--- START ---

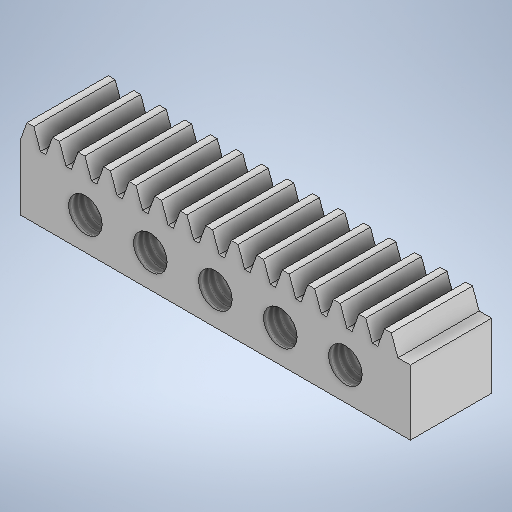
# Autodesk Inventor part: slizg
Saved by Autodesk Inventor 2025.2 (Build 292293000, 293)
## iProperties
Created: 2026-05-08
Part Number: slizg
Material: Ogólny
Document SubType Name: Modeling
Designer: muszy
Density: 1 g/cm^3
Appearance: Domyślna
Author: muszy
Autodesk Inventor part; units mm, degrees
ref_plane "YZ Plane" through (0, 0, 0) normal (1, 0, 0) x (0, 1, 0)
ref_plane "XZ Plane" through (0, 0, 0) normal (0, 1, 0) x (-1, 0, 0)
ref_plane "XY Plane" through (0, 0, 0) normal (0, 0, 1) x (1, 0, 0)
sketch "Szkic1" plane through (0, 0, 0) normal (0, 0, 1) x (1, 0, 0)
  line L0 (-24, -4) -> (24, -4)
  line L1 (24, -4) -> (24, 4)
  line L2 (24, 4) -> (-24, 4)
  line L3 (-24, 4) -> (-24, -4)
  line L4 (-24, -4) -> (24, 4) construction
  line L5 (24, -4) -> (-24, 4) construction
  point P0 (0, 0)
  dimension "d0" = 8
  dimension "d1" = 48
  constraints: 12 end point, 2 midpoint, 2 parallel, 1 horizontal, 1 perpendicular
  measures "d0" distance between parallel lines of L0 L2
  measures "d1" distance between parallel lines of L3 L1
extrude "Wyciągnięcie proste1" add sketch "Szkic1" along normal blind 10
sketch "Szkic2" plane through (0, 0, 10) normal (0, 0, 1) x (1, 0, 0)
  line L0 (0, 17.6829) -> (0, -21.534) construction
  line L1 (-24, 4) -> (-24, -4) projected
  point P0 (0, 0)
  point P1 (-16, 0)
  point P2 (-8, 0)
  point P3 (0, 0)
  point P4 (8, 0)
  point P5 (16, 0)
  dimension "d14" = 8
  dimension "d15" = 8
  dimension "d16" = 16
  constraints: 2 end point, 2 symmetric about line, 1 coincident, 1 vertical
  measures "d14" distance from line of L1 point (-16, 0)
  measures "d15" distance of point (-8, 0) point (-16, 0)
  measures "d16" diameter of point (-8, 0) L0
hole "Otwór1" at (-16, 0, 10) at (-8, 0, 10) at (0, 0, 10) at (8, 0, 10) at (16, 0, 10) direction (0, 0, -1) diameter 4.134 depth 7 tip angle 118 thread size "M5x0.8" class "6H" standard "ISO Metric profile"
sketch "Szkic4" plane through (0, 0, 10) normal (0, 0, 1) x (1, 0, 0)
  line L0 (-24, 4) -> (-23.1811, 6.25)
  line L1 (-23.1811, 6.25) -> (-22.3382, 6.25)
  line L2 (-22.3382, 6.25) -> (-21.5193, 4)
  line L3 (24, 4) -> (-24, 4) projected
  line L4 (-21.5193, 4) -> (-21.5193, 6.9311) construction
  line L5 (-24, 4) -> (-24, 7.0291) construction
  line L6 (-21.9742, 5.25) -> (-23.545, 5.25) construction
  point P0 (0, 0)
  dimension "d42" = 20
  dimension "d43" = 20
  dimension "d44" = 2.25
  dimension "d45" = 1.25
  dimension "d46" = 1.5708
  constraints: 12 end point, 3 point on line, 2 horizontal, 2 vertical
  measures "d42" angle of L0 L5
  measures "d43" angle of L2 L4
  measures "d44" distance between parallel lines of L3 L1
  measures "d45" distance between parallel lines of L3 L6
  measures "d46" distance of L6.start L6.end
extrude "Wyciągnięcie proste2" add sketch "Szkic4" against normal blind 10
pattern_linear "Szyk prostokątny2" count 15 spacing 3.1416 along (1, 0, 0) of "Wyciągnięcie proste2"

--- END ---

» What to work on
Every line above should be reproduced exactly, please, with no pictures included.

» Solved problem
# Autodesk Inventor part: slizg
Saved by Autodesk Inventor 2025.2 (Build 292293000, 293)
## iProperties
Created: 2026-05-08
Part Number: slizg
Material: Ogólny
Document SubType Name: Modeling
Designer: muszy
Density: 1 g/cm^3
Appearance: Domyślna
Author: muszy
Autodesk Inventor part; units mm, degrees
ref_plane "YZ Plane" through (0, 0, 0) normal (1, 0, 0) x (0, 1, 0)
ref_plane "XZ Plane" through (0, 0, 0) normal (0, 1, 0) x (-1, 0, 0)
ref_plane "XY Plane" through (0, 0, 0) normal (0, 0, 1) x (1, 0, 0)
sketch "Szkic1" plane through (0, 0, 0) normal (0, 0, 1) x (1, 0, 0)
  line L0 (-24, -4) -> (24, -4)
  line L1 (24, -4) -> (24, 4)
  line L2 (24, 4) -> (-24, 4)
  line L3 (-24, 4) -> (-24, -4)
  line L4 (-24, -4) -> (24, 4) construction
  line L5 (24, -4) -> (-24, 4) construction
  point P0 (0, 0)
  dimension "d0" = 8
  dimension "d1" = 48
  constraints: 12 end point, 2 midpoint, 2 parallel, 1 horizontal, 1 perpendicular
  measures "d0" distance between parallel lines of L0 L2
  measures "d1" distance between parallel lines of L3 L1
extrude "Wyciągnięcie proste1" add sketch "Szkic1" along normal blind 10
sketch "Szkic2" plane through (0, 0, 10) normal (0, 0, 1) x (1, 0, 0)
  line L0 (0, 17.6829) -> (0, -21.534) construction
  line L1 (-24, 4) -> (-24, -4) projected
  point P0 (0, 0)
  point P1 (-16, 0)
  point P2 (-8, 0)
  point P3 (0, 0)
  point P4 (8, 0)
  point P5 (16, 0)
  dimension "d14" = 8
  dimension "d15" = 8
  dimension "d16" = 16
  constraints: 2 end point, 2 symmetric about line, 1 coincident, 1 vertical
  measures "d14" distance from line of L1 point (-16, 0)
  measures "d15" distance of point (-8, 0) point (-16, 0)
  measures "d16" diameter of point (-8, 0) L0
hole "Otwór1" at (-16, 0, 10) at (-8, 0, 10) at (0, 0, 10) at (8, 0, 10) at (16, 0, 10) direction (0, 0, -1) diameter 4.134 depth 7 tip angle 118 thread size "M5x0.8" class "6H" standard "ISO Metric profile"
sketch "Szkic4" plane through (0, 0, 10) normal (0, 0, 1) x (1, 0, 0)
  line L0 (-24, 4) -> (-23.1811, 6.25)
  line L1 (-23.1811, 6.25) -> (-22.3382, 6.25)
  line L2 (-22.3382, 6.25) -> (-21.5193, 4)
  line L3 (24, 4) -> (-24, 4) projected
  line L4 (-21.5193, 4) -> (-21.5193, 6.9311) construction
  line L5 (-24, 4) -> (-24, 7.0291) construction
  line L6 (-21.9742, 5.25) -> (-23.545, 5.25) construction
  point P0 (0, 0)
  dimension "d42" = 20
  dimension "d43" = 20
  dimension "d44" = 2.25
  dimension "d45" = 1.25
  dimension "d46" = 1.5708
  constraints: 12 end point, 3 point on line, 2 horizontal, 2 vertical
  measures "d42" angle of L0 L5
  measures "d43" angle of L2 L4
  measures "d44" distance between parallel lines of L3 L1
  measures "d45" distance between parallel lines of L3 L6
  measures "d46" distance of L6.start L6.end
extrude "Wyciągnięcie proste2" add sketch "Szkic4" against normal blind 10
pattern_linear "Szyk prostokątny2" count 15 spacing 3.1416 along (1, 0, 0) of "Wyciągnięcie proste2"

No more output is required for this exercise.